J-クレジット制度:省エネルギー機器や、再生可能エネルギーの導入、森林経営などの取り組みによるCO2などの温室効果ガスの排出削減量や吸収量を「クレジット」として国が認証する制度 |
【引用:https://corp.rakuten.co.jp/innovation/sustainability/2019/1001/ 】
5. パートナーシップ
ステークホルダーと手を取り合い、SDGsの普及と目標の達成に向けて、楽天のサービスやテクノロジー、人材を活用しています。
この取り組みは、SDGsゴール17番の「パートナーシップで目標を達成しよう」に対応しています。
具体的な取り組み:Goals Beyond the Game
「Goals Beyond the Game」は、2018年に行われた「FCバルセロナ」の試合を通じて、SDGsが掲げる17の目標達成に向けた取り組みへの参画を世界中の人々に呼びかけるプロジェクトです。
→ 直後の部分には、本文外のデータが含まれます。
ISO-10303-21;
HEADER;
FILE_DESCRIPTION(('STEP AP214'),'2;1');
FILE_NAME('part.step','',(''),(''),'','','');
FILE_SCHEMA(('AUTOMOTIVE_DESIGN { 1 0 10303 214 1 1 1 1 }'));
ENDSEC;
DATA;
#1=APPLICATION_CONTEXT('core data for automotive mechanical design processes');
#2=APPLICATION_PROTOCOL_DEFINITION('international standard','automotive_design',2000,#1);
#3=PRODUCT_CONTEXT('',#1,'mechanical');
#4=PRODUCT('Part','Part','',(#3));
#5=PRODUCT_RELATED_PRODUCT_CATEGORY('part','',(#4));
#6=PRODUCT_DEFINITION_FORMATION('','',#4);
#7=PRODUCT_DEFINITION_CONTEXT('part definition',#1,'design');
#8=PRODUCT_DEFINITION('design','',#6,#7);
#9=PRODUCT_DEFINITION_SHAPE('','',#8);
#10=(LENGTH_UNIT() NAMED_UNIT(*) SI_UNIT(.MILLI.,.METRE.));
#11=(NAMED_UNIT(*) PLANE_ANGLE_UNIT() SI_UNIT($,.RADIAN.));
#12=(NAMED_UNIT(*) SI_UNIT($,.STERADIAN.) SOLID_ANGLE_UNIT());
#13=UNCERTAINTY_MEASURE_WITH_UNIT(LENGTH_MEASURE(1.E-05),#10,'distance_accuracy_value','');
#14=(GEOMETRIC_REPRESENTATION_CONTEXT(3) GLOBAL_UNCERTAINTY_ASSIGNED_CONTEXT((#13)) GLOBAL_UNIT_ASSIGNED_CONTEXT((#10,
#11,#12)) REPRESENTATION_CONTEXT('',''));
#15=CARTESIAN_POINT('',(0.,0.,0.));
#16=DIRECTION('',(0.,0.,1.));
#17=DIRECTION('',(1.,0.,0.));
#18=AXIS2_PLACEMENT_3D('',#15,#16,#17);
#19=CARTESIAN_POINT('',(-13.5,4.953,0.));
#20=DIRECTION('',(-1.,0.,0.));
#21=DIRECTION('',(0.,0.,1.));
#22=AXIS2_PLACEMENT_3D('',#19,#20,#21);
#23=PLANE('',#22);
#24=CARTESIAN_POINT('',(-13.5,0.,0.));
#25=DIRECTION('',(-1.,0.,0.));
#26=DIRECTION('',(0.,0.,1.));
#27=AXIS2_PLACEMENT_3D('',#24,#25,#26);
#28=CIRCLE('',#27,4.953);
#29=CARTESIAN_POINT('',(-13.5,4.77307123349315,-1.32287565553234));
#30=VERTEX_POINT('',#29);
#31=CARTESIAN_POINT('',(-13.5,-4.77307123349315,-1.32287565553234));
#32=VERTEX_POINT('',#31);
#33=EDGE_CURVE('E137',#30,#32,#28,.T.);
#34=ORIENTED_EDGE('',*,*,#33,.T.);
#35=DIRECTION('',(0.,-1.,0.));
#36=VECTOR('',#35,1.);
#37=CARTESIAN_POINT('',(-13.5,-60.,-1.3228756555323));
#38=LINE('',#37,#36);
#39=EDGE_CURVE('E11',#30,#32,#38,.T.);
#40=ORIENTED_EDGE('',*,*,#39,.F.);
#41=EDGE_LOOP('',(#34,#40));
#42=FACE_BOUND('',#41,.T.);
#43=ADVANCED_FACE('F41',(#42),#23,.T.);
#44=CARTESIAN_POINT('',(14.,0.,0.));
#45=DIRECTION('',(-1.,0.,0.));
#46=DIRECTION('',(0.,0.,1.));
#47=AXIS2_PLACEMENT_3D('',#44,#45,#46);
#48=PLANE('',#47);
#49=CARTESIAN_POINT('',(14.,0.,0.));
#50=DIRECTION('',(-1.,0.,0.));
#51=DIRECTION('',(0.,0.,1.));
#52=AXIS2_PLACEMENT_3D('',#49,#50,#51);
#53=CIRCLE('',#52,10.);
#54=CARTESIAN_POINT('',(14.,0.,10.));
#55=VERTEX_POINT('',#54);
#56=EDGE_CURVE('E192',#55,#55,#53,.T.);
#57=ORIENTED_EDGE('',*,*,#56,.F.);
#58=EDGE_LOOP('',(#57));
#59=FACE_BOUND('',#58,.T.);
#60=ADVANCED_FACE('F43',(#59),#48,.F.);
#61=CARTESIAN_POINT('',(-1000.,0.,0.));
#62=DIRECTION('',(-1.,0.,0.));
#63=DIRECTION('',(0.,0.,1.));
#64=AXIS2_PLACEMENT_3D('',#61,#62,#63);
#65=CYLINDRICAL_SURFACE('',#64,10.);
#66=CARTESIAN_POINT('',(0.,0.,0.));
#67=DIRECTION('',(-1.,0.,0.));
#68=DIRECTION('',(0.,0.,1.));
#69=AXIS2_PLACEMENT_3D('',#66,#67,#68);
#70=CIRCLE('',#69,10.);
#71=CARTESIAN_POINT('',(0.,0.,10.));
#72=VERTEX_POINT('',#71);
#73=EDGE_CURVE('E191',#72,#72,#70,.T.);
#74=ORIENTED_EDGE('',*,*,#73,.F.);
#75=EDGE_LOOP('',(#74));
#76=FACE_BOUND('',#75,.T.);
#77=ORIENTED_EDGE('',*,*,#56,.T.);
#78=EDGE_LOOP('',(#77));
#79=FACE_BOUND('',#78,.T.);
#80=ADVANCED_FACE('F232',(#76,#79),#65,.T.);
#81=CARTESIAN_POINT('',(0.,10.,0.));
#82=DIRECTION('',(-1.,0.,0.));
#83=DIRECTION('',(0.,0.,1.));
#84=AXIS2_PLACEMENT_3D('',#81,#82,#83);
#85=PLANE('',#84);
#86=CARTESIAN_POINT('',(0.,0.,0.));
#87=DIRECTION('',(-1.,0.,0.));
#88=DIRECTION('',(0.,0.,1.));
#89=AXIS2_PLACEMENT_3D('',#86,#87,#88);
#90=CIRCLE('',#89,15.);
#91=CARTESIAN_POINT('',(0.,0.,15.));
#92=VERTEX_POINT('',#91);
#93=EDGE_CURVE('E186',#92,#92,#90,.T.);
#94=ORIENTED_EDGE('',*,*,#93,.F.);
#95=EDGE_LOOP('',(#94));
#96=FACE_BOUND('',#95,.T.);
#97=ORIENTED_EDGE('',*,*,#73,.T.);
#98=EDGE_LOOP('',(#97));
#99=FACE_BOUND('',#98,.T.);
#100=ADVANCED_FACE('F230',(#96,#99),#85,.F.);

具体的には、同試合に先駆けて、参加者がSDGsが掲げる17の目標の中から1つ選び、その目標に関する自分自身の宣言を特別サイトへ投稿します。
投稿された宣言は、「#GoalsBeyondtheGame」というハッシュタグをつけて楽天や「FCバルセロナ」、国連機関関係者が運営するSNSで広く拡散されると共に、その一部は最終戦の試合中に、試合が行われる「FCバルセロナ」の本拠地カンプノウスタジアムにて電光掲示板などで紹介されました。
【引用:https://rakuten.today/tech-innovation/rakuten-sustainable-development.html 】
まとめ
幅広いジャンルと様々な国・地域でサービスを展開する楽天は、人々の生活様式や行動に与える影響力も大きいです。そのため、SDGsの取り組みに関しても、地球規模での視点を持って、具体的な対策を行なっている印象を受けました。
人々の行動に与える影響が大きいことは、その行動が良くも悪くも注目され、世界を動かすことを意味します。多くの拠点と様々な業界との繋がりをもつ楽天だからこそできる、大規模なプロジェクトを、これからも持続的に取り組み続けていただきたいです。